Janet1983 hat geschrieben:
Edi hat geschrieben:
Janet1983 hat geschrieben:Ich hoffe mal ganz stark, dass das nie offiziell der Fall sein wird.Der Papst spricht nicht für alle Christen und auch nicht für alle christlichen Kirchen. Und dass es von aussen teilweise anders gesehen wird ist eine Fehlinterpretation.

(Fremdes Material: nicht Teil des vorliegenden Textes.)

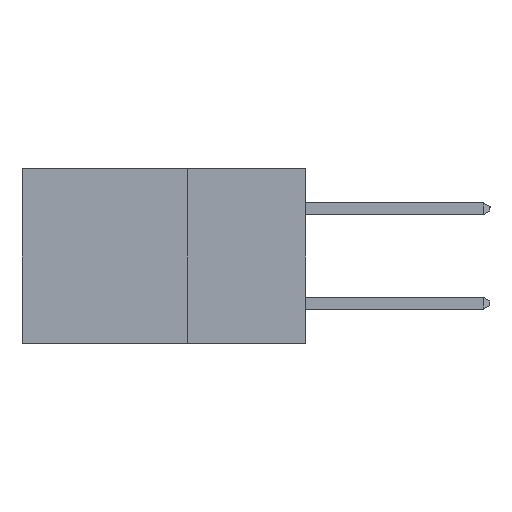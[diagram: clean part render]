
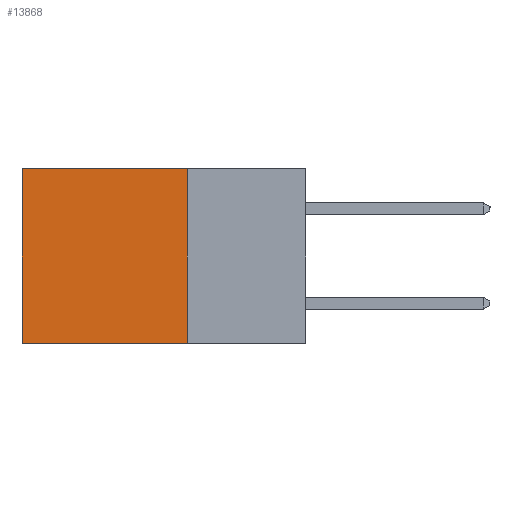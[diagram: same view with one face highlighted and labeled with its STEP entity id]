
A CAD part, left-side view. The second image highlights one B-rep face of the part: STEP entity #13868.
In plain terms, the highlighted planar face has unit normal (-1, 0, 0).
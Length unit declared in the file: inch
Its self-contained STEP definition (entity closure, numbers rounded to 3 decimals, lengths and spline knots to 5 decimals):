
#296 = DIRECTION ( 'NONE',  ( 0., 1., 0. ) ) ;
#311 = EDGE_CURVE ( 'NONE', #10553, #5953, #4323, .T. ) ;
#462 = DIRECTION ( 'NONE',  ( 0., 0., -1. ) ) ;
#789 = VECTOR ( 'NONE', #296, 39.37008 ) ;
#1195 = ORIENTED_EDGE ( 'NONE', *, *, #9266, .F. ) ;
#1433 = DIRECTION ( 'NONE',  ( 0., 0., -1. ) ) ;
#1454 = CARTESIAN_POINT ( 'NONE',  ( 0.2615, 0.25, 0. ) ) ;
#2596 = EDGE_CURVE ( 'NONE', #13080, #12077, #7924, .T. ) ;
#2632 = ORIENTED_EDGE ( 'NONE', *, *, #4287, .T. ) ;
#2817 = ORIENTED_EDGE ( 'NONE', *, *, #311, .T. ) ;
#3608 = CARTESIAN_POINT ( 'NONE',  ( 0.2615, 0.25, -0.37 ) ) ;
#3630 = CARTESIAN_POINT ( 'NONE',  ( 0.2615, 0.6, -0.37 ) ) ;
#4287 = EDGE_CURVE ( 'NONE', #5953, #12077, #16426, .T. ) ;
#4323 = LINE ( 'NONE', #14892, #789 ) ;
#4648 = CARTESIAN_POINT ( 'NONE',  ( 0.2615, 0.6, -0.37 ) ) ;
#5063 = DIRECTION ( 'NONE',  ( 0., 0., -1. ) ) ;
#5638 = CARTESIAN_POINT ( 'NONE',  ( 0.2615, 0.25, -0.37 ) ) ;
#5953 = VERTEX_POINT ( 'NONE', #14214 ) ;
#7053 = FACE_OUTER_BOUND ( 'NONE', #14145, .T. ) ;
#7219 = PLANE ( 'NONE',  #15195 ) ;
#7631 = ORIENTED_EDGE ( 'NONE', *, *, #2596, .F. ) ;
#7839 = VECTOR ( 'NONE', #462, 39.37008 ) ;
#7924 = LINE ( 'NONE', #14532, #13160 ) ;
#9266 = EDGE_CURVE ( 'NONE', #10553, #13080, #10891, .T. ) ;
#10553 = VERTEX_POINT ( 'NONE', #1454 ) ;
#10891 = LINE ( 'NONE', #5638, #12939 ) ;
#12077 = VERTEX_POINT ( 'NONE', #3630 ) ;
#12939 = VECTOR ( 'NONE', #1433, 39.37008 ) ;
#13080 = VERTEX_POINT ( 'NONE', #14893 ) ;
#13160 = VECTOR ( 'NONE', #15648, 39.37008 ) ;
#13868 = ADVANCED_FACE ( 'NONE', ( #7053 ), #7219, .F. ) ;
#14145 = EDGE_LOOP ( 'NONE', ( #2632, #7631, #1195, #2817 ) ) ;
#14214 = CARTESIAN_POINT ( 'NONE',  ( 0.2615, 0.6, 0. ) ) ;
#14532 = CARTESIAN_POINT ( 'NONE',  ( 0.2615, 0.25, -0.37 ) ) ;
#14892 = CARTESIAN_POINT ( 'NONE',  ( 0.2615, 0.25, 0. ) ) ;
#14893 = CARTESIAN_POINT ( 'NONE',  ( 0.2615, 0.25, -0.37 ) ) ;
#15195 = AXIS2_PLACEMENT_3D ( 'NONE', #3608, #16590, #5063 ) ;
#15648 = DIRECTION ( 'NONE',  ( 0., 1., 0. ) ) ;
#16426 = LINE ( 'NONE', #4648, #7839 ) ;
#16590 = DIRECTION ( 'NONE',  ( 1., 0., 0. ) ) ;

Gewiss spricht der Papst derzeit nicht für alle Christen und doch kenne ich auch solche aus Freikirchen, die ihn wertschätzen und vor allem die klare Linie der kath. Kirche in ethischen Fragen schätzen, zumal man von der ev. Kirche heute in Fragen christlicher Ethik nicht mehr allzuviel erwarten kann.
Schätzen und anerkennen sind 2 verschiedene Dinge. Dass seine klare Linie manchmal richtig gut ist, das bezweifle ich auch gar nicht, aber es gibt Dinge, die ich garantiert nicht unterschreibe.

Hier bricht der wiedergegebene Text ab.